I am not sure if this is related, but we are suffering from the same bug as here on the testing box: [root@flatline-katello ~]# service httpd restart Stopping httpd: [FAILED] Starting httpd: Syntax error on line 10 of /etc/httpd/conf.d/katello.conf: SSLCertificateFile: file '/etc/candlepin/certs/candlepin-ca.crt' does not exist or is empty [FAILED] [root@flatline-katello ~]# ll /etc/candlepin/certs/candlepin-ca.crt ls: cannot access /etc/candlepin/certs/candlepin-ca.crt: No such file or directory https://bugzilla.redhat.com/show_bug.cgi?id=813812
Another finding, during the long script run I noticed there are some errors in the pulp.log: PulpException: Architecture must be one of [noarch, i386, i686, ppc64, ppc, s390x, x86_64, ia64]
Tried to sync this manually using pulp-admin and it worked.

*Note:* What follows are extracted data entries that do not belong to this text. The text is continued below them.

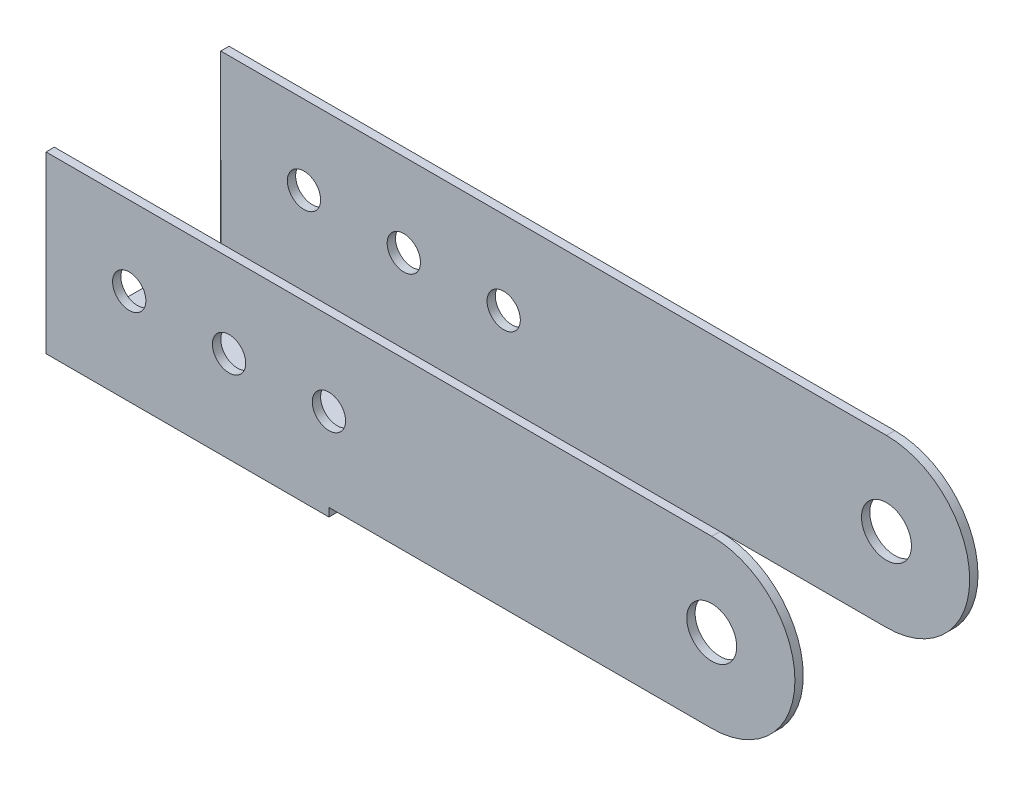
from build123d import *

# Parameters (mm, degrees)
SKETCH_2_R      = 1.5
SKETCH_2_R_2    = 1
EXTRUDE_1_DEPTH = 0.5
SKETCH_1_R      = 1.5
SKETCH_1_R_2    = 1
EXTRUDE_2_DEPTH = 0.5
SKETCH_3_W      = 17
SKETCH_3_H      = 11
EXTRUDE_3_DEPTH = 0.5


with BuildPart() as part:
    # 草图2 → 凸台-拉伸1 (new body)
    with BuildSketch(Plane.XY.offset(10)):
        with BuildLine():
            Line((15, 5), (-25, 5))
            Line((-25, 5), (-25, -5))
            Line((-25, -5), (15, -5))
            ThreePointArc((15, -5), (20, 0), (15, 5))
        make_face()
        with Locations((15, 0)):
            Circle(SKETCH_2_R, mode=Mode.SUBTRACT)
        with Locations((-8, 0)):
            Circle(SKETCH_2_R_2, mode=Mode.SUBTRACT)
        with Locations((-14, 0)):
            Circle(SKETCH_2_R_2, mode=Mode.SUBTRACT)
        with Locations((-20, 0.253438211)):
            Circle(SKETCH_2_R_2, mode=Mode.SUBTRACT)
    extrude(amount=EXTRUDE_1_DEPTH)



with BuildPart() as body_2:
    # 草图1 → 凸台-拉伸2 (new body)
    with BuildSketch(Plane.XY):
        with BuildLine():
            Line((-25, 5), (15, 5))
            ThreePointArc((15, 5), (20, 0), (15, -5))
            Line((15, -5), (-25, -5))
            Line((-25, -5), (-25, 5))
        make_face()
        with Locations((15, 0)):
            Circle(SKETCH_1_R, mode=Mode.SUBTRACT)
        with Locations((-20, 0.253438211)):
            Circle(SKETCH_1_R_2, mode=Mode.SUBTRACT)
        with Locations((-14, 0)):
            Circle(SKETCH_1_R_2, mode=Mode.SUBTRACT)
        with Locations((-8, 0)):
            Circle(SKETCH_1_R_2, mode=Mode.SUBTRACT)
    extrude(amount=-EXTRUDE_2_DEPTH)


with BuildPart() as part_1:
    add(part.part)

    add(body_2.part)  # 凸台-拉伸3 merges body 2
    # 草图3 → 凸台-拉伸3 (add)
    with BuildSketch(Plane(origin=(0, -5, 0), x_dir=(-1, 0, 0), z_dir=(0, -1, 0))):
        with Locations((16.5, -5)):
            Rectangle(SKETCH_3_W, SKETCH_3_H)
    extrude(amount=EXTRUDE_3_DEPTH)


solid = part_1.part
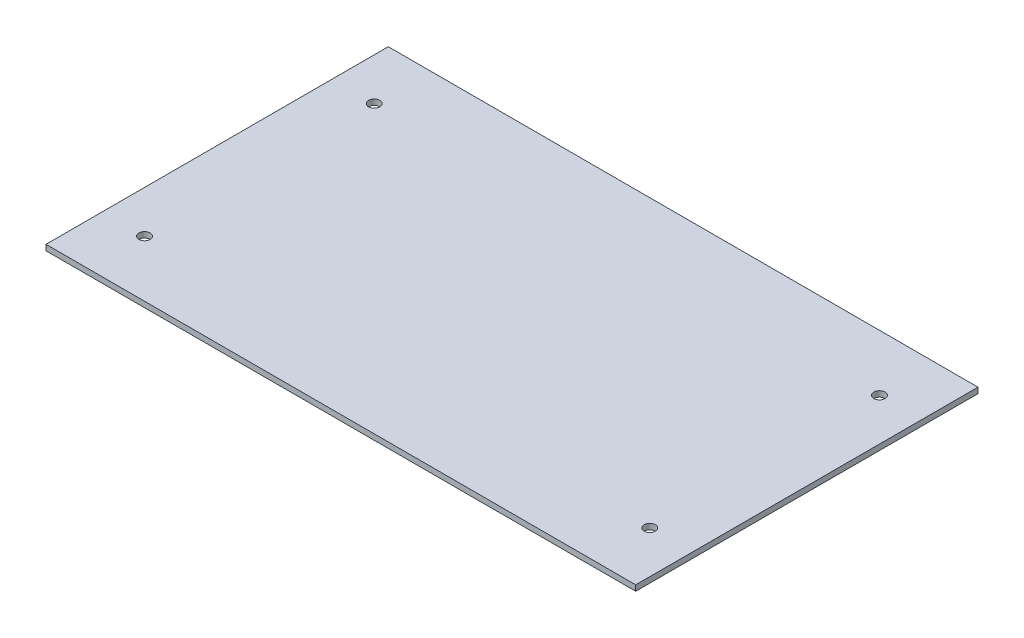
from build123d import *

# Parameters (mm, degrees)
SKETCH1_W               = 209.5
SKETCH1_H               = 121.6
BOSS_EXTRUDE1_DEPTH     = 2
CUT_EXTRUDE1_DEPTH      = 160.000086316
CUT_EXTRUDE1_DEPTH_BACK = 160.000086316
SKETCH2_R               = 2


with BuildPart() as part:
    # Sketch1 → Boss-Extrude1 (new body)
    with BuildSketch(Plane(origin=(0, 0, 0), x_dir=(1, 0, 0), z_dir=(0, 1, 0))):
        with Locations((27.162313362, -27.947783251)):
            Rectangle(SKETCH1_W, SKETCH1_H)
    extrude(amount=BOSS_EXTRUDE1_DEPTH)

    # Sketch2 → Cut-Extrude1 (cut, two sides: drawn at the far end of the back side and taken through both)
    with BuildSketch(Plane(origin=(0, 2, 0), x_dir=(1, 0, 0), z_dir=(0, 1, 0)).offset(-CUT_EXTRUDE1_DEPTH_BACK)):
        with Locations(Location((-62.587686638, 12.852216749, 0), (0, 0, 270))):
            Circle(SKETCH2_R)
        with Locations(Location((116.912313362, 12.852216749, 0), (0, 0, 270))):
            Circle(SKETCH2_R)
        with Locations(Location((-62.587686638, -68.747783251, 0), (0, 0, 270))):
            Circle(SKETCH2_R)
        with Locations(Location((116.912313362, -68.747783251, 0), (0, 0, 270))):
            Circle(SKETCH2_R)
    extrude(amount=CUT_EXTRUDE1_DEPTH + CUT_EXTRUDE1_DEPTH_BACK, mode=Mode.SUBTRACT)


solid = part.part
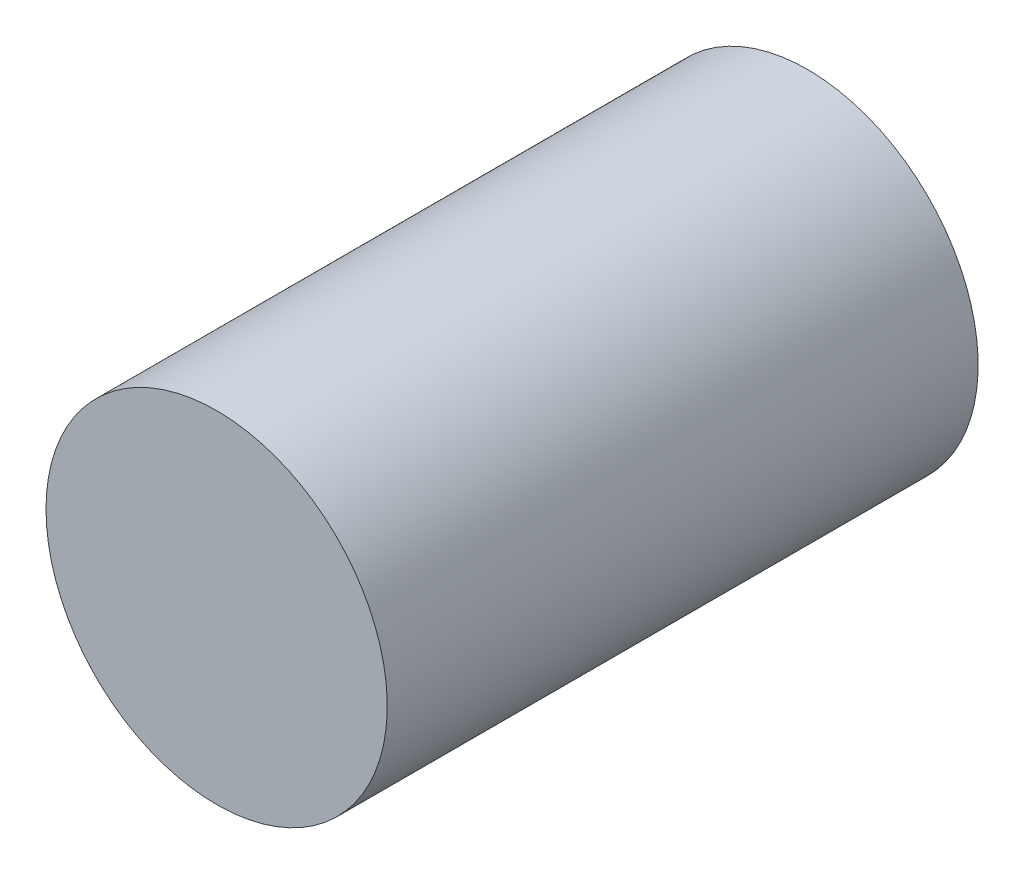
from build123d import *

# Parameters (mm, degrees)
SKETCH1_R           = 17.325
BOSS_EXTRUDE1_DEPTH = 60


with BuildPart() as part:
    # Sketch1 → Boss-Extrude1 (new body)
    with BuildSketch(Plane.XY):
        with Locations(Location((0, 0, 0), (0, 0, 180))):
            Circle(SKETCH1_R)
    extrude(amount=BOSS_EXTRUDE1_DEPTH)


solid = part.part
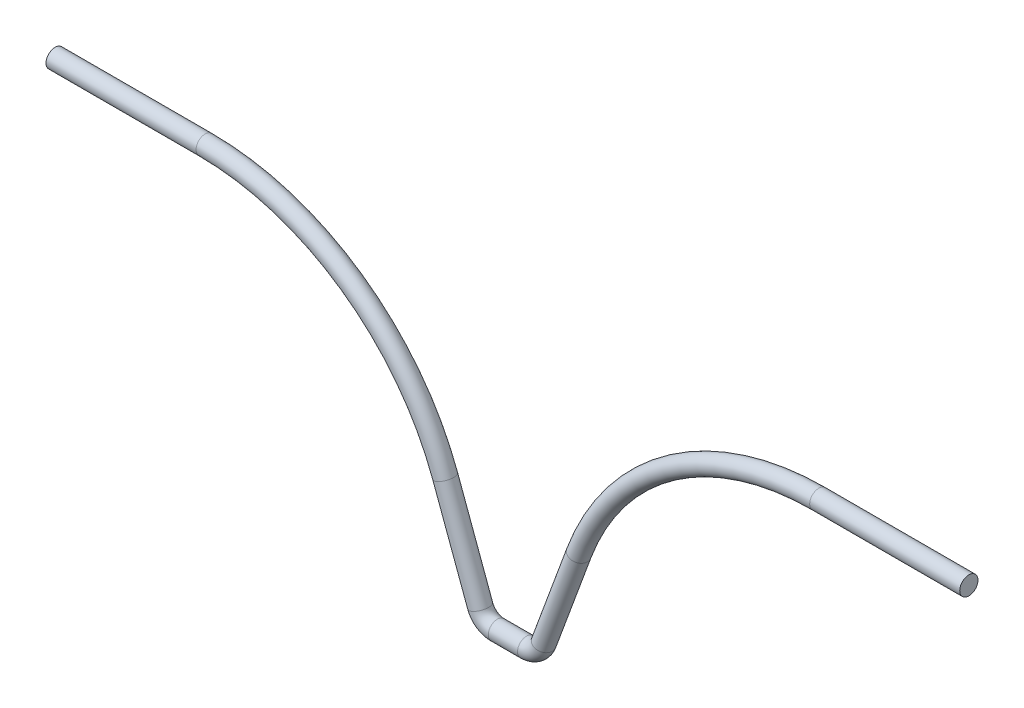
from build123d import *

# Parameters (mm, degrees)
SWEEP1_PROFILE_R = 2.5


with BuildPart() as part:
    # Sweep1: sweep along a path in Sketch1
    with BuildLine(Plane.XY) as sweep1_path:
        Line((-125, 144.352990964), (-83.945977819, 144.352990964))
        ThreePointArc((-83.945977819, 144.352990964), (-43.925617736, 131.784435128), (-18.276632803, 98.592156073))
        Line((-18.276632803, 98.592156073), (-8.690667501, 72.621622027))
        ThreePointArc((-8.690667501, 72.621622027), (-6.858597149, 70.250744952), (-4, 69.352990964))
        Line((-4, 69.352990964), (4, 69.352990964))
        ThreePointArc((4, 69.352990964), (6.858597149, 70.250744952), (8.690667501, 72.621622027))
        Line((8.690667501, 72.621622027), (18.276632803, 98.592156073))
        ThreePointArc((18.276632803, 98.592156073), (43.925617736, 131.784435128), (83.945977819, 144.352990964))
        Line((83.945977819, 144.352990964), (125, 144.352990964))
    # Sweep1 profile (on start of the path) → Sweep1 (sweep)
    with BuildSketch(Plane(origin=(-125, 144.352990964, 0), x_dir=(0, 0, 1), z_dir=(1, 0, 0))):
        Circle(SWEEP1_PROFILE_R)
    sweep(path=sweep1_path.line)


solid = part.part
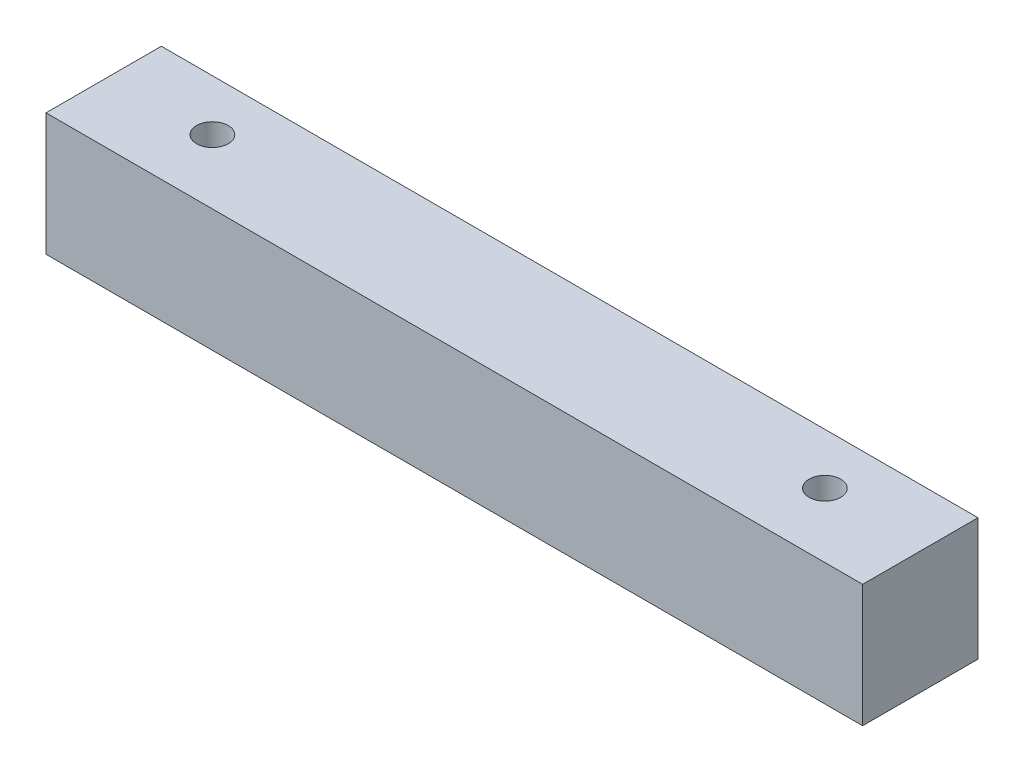
from build123d import *

# Parameters (mm, degrees)
SKETCH_1_W          = 80
SKETCH_1_H          = 12
EXTRUDE_1_DEPTH     = 11.5
CUT_EXTRUDE_1_REACH = 83.708
SKETCH_2_R          = 1.55
SKETCH_3_W          = 80
SKETCH_3_H          = 12
CUT_EXTRUDE_2_DEPTH = 0.2


with BuildPart() as part:
    # 草图1 → 凸台-拉伸1 (new body)
    with BuildSketch(Plane.XY):
        with Locations((40, 6)):
            Rectangle(SKETCH_1_W, SKETCH_1_H)
    extrude(amount=EXTRUDE_1_DEPTH)

    # 草图2 → 切除-拉伸1 (cut, up to next)
    with BuildSketch(Plane(origin=(0, 12, 0), x_dir=(1, 0, 0), z_dir=(0, 1, 0)), mode=Mode.PRIVATE) as cut_extrude_1_sk1:
        with Locations(Location((10, -5, 0), (0, 0, 270))):
            Circle(SKETCH_2_R)
    cut_extrude_1_tool1 = extrude(cut_extrude_1_sk1.sketch, amount=-CUT_EXTRUDE_1_REACH, mode=Mode.PRIVATE) & part.part
    # 草图2 → 切除-拉伸1 (cut, up to next)
    with BuildSketch(Plane(origin=(0, 12, 0), x_dir=(1, 0, 0), z_dir=(0, 1, 0)), mode=Mode.PRIVATE) as cut_extrude_1_sk2:
        with Locations(Location((70, -5, 0), (0, 0, 270))):
            Circle(SKETCH_2_R)
    cut_extrude_1_tool2 = extrude(cut_extrude_1_sk2.sketch, amount=-CUT_EXTRUDE_1_REACH, mode=Mode.PRIVATE) & part.part
    add(cut_extrude_1_tool1.solids().sort_by_distance((10, 12, 5))[0], mode=Mode.SUBTRACT)
    add(cut_extrude_1_tool2.solids().sort_by_distance((70, 12, 5))[0], mode=Mode.SUBTRACT)

    # 草图3 → 切除-拉伸2 (cut)
    with BuildSketch(Plane.XY.offset(11.5)):
        with Locations((40, 6)):
            Rectangle(SKETCH_3_W, SKETCH_3_H)
    extrude(amount=-CUT_EXTRUDE_2_DEPTH, mode=Mode.SUBTRACT)


solid = part.part
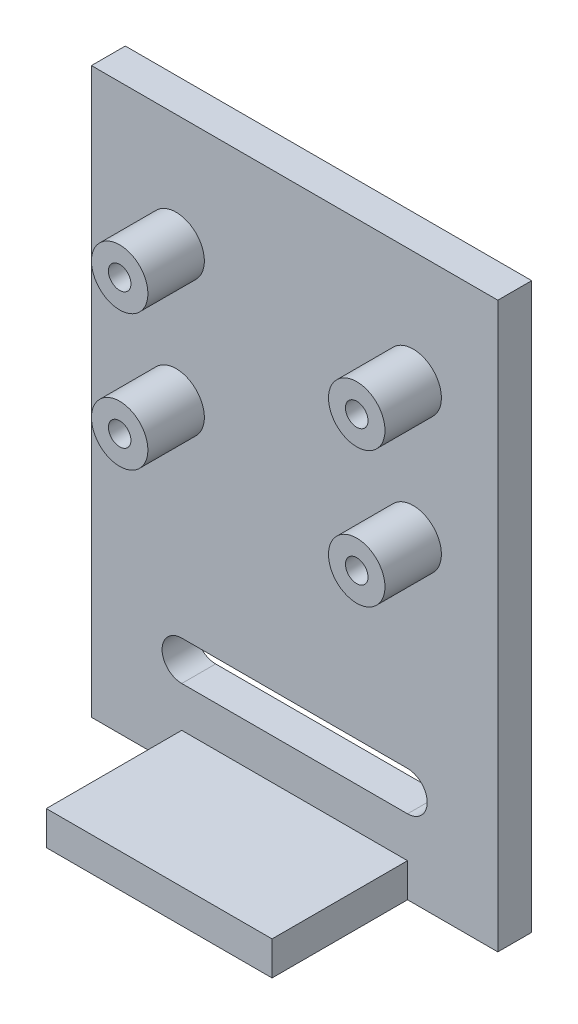
from build123d import *

# Parameters (mm, degrees)
SKETCH1_W           = 36
SKETCH1_H           = 50
BOSS_EXTRUDE1_DEPTH = 3
SKETCH2_W           = 20
SKETCH2_H           = 3
BOSS_EXTRUDE2_DEPTH = 12
CUT_EXTRUDE1_DEPTH  = 5
SKETCH5_R           = 2.5
SKETCH5_R_2         = 1
BOSS_EXTRUDE4_DEPTH = 5


with BuildPart() as part:
    # Sketch1 → Boss-Extrude1 (new body)
    with BuildSketch(Plane.XY):
        with Locations((-6.367052023, -5.057803468)):
            Rectangle(SKETCH1_W, SKETCH1_H)
    extrude(amount=BOSS_EXTRUDE1_DEPTH)

    # Sketch2 → Boss-Extrude2 (add)
    with BuildSketch(Plane.XY.offset(3)):
        with Locations((-6.367052023, -28.557803468)):
            Rectangle(SKETCH2_W, SKETCH2_H)
    extrude(amount=BOSS_EXTRUDE2_DEPTH)

    # Sketch4 → Cut-Extrude1 (cut)
    with BuildSketch(Plane.XY.offset(3)):
        with BuildLine():
            Line((-16.367052023, -19.980355704), (3.632947977, -19.980355704))
            ThreePointArc((3.632947977, -19.980355704), (5.373912404, -21.721320132), (3.632947977, -23.462284559))
            Line((3.632947977, -23.462284559), (-16.367052023, -23.462284559))
            ThreePointArc((-16.367052023, -23.462284559), (-18.108016451, -21.721320132), (-16.367052023, -19.980355704))
        make_face()
    extrude(amount=-CUT_EXTRUDE1_DEPTH, mode=Mode.SUBTRACT)

    # Sketch5 → Boss-Extrude4 (add)
    # profile 1 of 4: a face of its own
    with BuildSketch(Plane.XY.offset(3)):
        with Locations(Location((4.132947977, 9.942196532, 0), (0, 0, 180))):
            Circle(SKETCH5_R)
        with Locations((4.132947977, 9.942196532)):
            Circle(SKETCH5_R_2, mode=Mode.SUBTRACT)
    # profile 2 of 4: a face of its own
    with BuildSketch(Plane.XY.offset(3)):
        with Locations(Location((-16.867052023, 9.942196532, 0), (0, 0, 180))):
            Circle(SKETCH5_R)
        with Locations((-16.867052023, 9.942196532)):
            Circle(SKETCH5_R_2, mode=Mode.SUBTRACT)
    # profile 3 of 4: a face of its own
    with BuildSketch(Plane.XY.offset(3)):
        with Locations(Location((-16.867052023, -2.057803468, 0), (0, 0, 180))):
            Circle(SKETCH5_R)
        with Locations((-16.867052023, -2.057803468)):
            Circle(SKETCH5_R_2, mode=Mode.SUBTRACT)
    # profile 4 of 4: a face of its own
    with BuildSketch(Plane.XY.offset(3)):
        with Locations(Location((4.132947977, -2.057803468, 0), (0, 0, 180))):
            Circle(SKETCH5_R)
        with Locations((4.132947977, -2.057803468)):
            Circle(SKETCH5_R_2, mode=Mode.SUBTRACT)
    extrude(amount=BOSS_EXTRUDE4_DEPTH)


solid = part.part
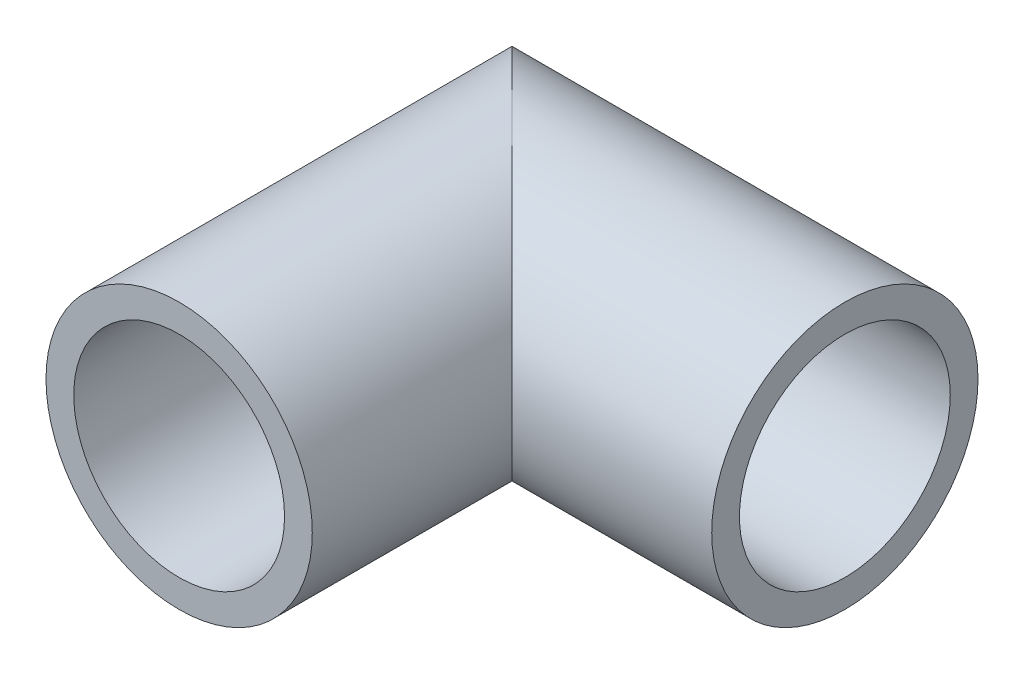
from build123d import *

# Parameters (mm, degrees)
SKETCH3_R   = 30.48
SKETCH3_R_2 = 24.13


with BuildPart() as part:
    # Sweep1: sweep along a path in Sketch2
    with BuildLine(Plane(origin=(0, 0, 0), x_dir=(1, 0, 0), z_dir=(0, 1, 0))) as sweep1_path:
        Line((0, 0), (0, 76.2))
        Line((0, 76.2), (76.2, 76.2))
    # Sketch3 → Sweep1 (sweep)
    with BuildSketch(Plane.XY):
        Circle(SKETCH3_R)
        Circle(SKETCH3_R_2, mode=Mode.SUBTRACT)
    sweep(path=sweep1_path.line, transition=Transition.RIGHT)


solid = part.part

We should do the same with REST API. Sync for repository test_lzap2 started Sync: Finished 0/13514 new items downloaded 13514/13514 existing items processed Item Details: Tree Files: 15/15 RPMs: 13499/13499
(In reply to comment #29) > James will be updating the BZ later tonight after a test run of his completes > but most likely this will get moved to 1.1 Turns out the cause of this bug was using a cached /var/lib/pulp directory structure. In my testing, since I'm downloading >100G of data from the CDN, I keep /var/lib/pulp as a separate disk partition. During re-installs, I leave /var/lib/pulp unchanged. This helps reduce the network lag downloading the content. Unfortunately, this also introduces this bug. The presence of non-Library environment files on disk was causing problems. Thankfully, I'm able to continue to cache content to reduce network download delays. However, I need to remove all non-Library environment files before sync and promotion. The following commands will remove the offending previously cached content... > shopt -s extglob > for DIR in $(echo /var/lib/pulp/repos/redhat/!(Library) /var/lib/pulp/published/repos/redhat/!(Library)) > do > test -d "$DIR" && rm -rf "$DIR" > done This problem should not present on a fresh installed system with a fully formatted disk. I'm adjusting the target release accordingly. Pradeep suggested there was a difference in how pulp and katello were responding to the promotion request. I'm leaving this bug open to further review the difference in case some additional polling is needed by katello to handle this situation.
Uh. James please report all deviations from the standard installation in advance, because I really thought this is "clean" instance (without any re-sharing or something). ;-) I guess this worth sharing on list, because more folks may be doing this. Thanks!
Technical note added. If any revisions are required, please edit the "Technical Notes" field accordingly. All revisions will be proofread by the Engineering Content Services team. New Contents: When installing and preparing a CloudForms System Engine environment, re-using any previously cached non-Library pulp data may introduce failures during content promotion. Administrators are advised to start with a fresh file-system and not re-use any previously synced pulp data. Prior to installation, the directory /var/lib/pulp should not exist.
Release Note added. Link: http://documentation-stage.bne.redhat.com/docs/en-US/CloudForms/1.0/html-single/Release_Notes/index.html#sect-Release_Notes-System_Engine-System_Engine_Considerations-known_issues_09 Regards, Shikha
I did not see this in the training setup. Moving to ON_QA to verify.
This was delivered with Satellite 6.0 which was released on 10 September 2014.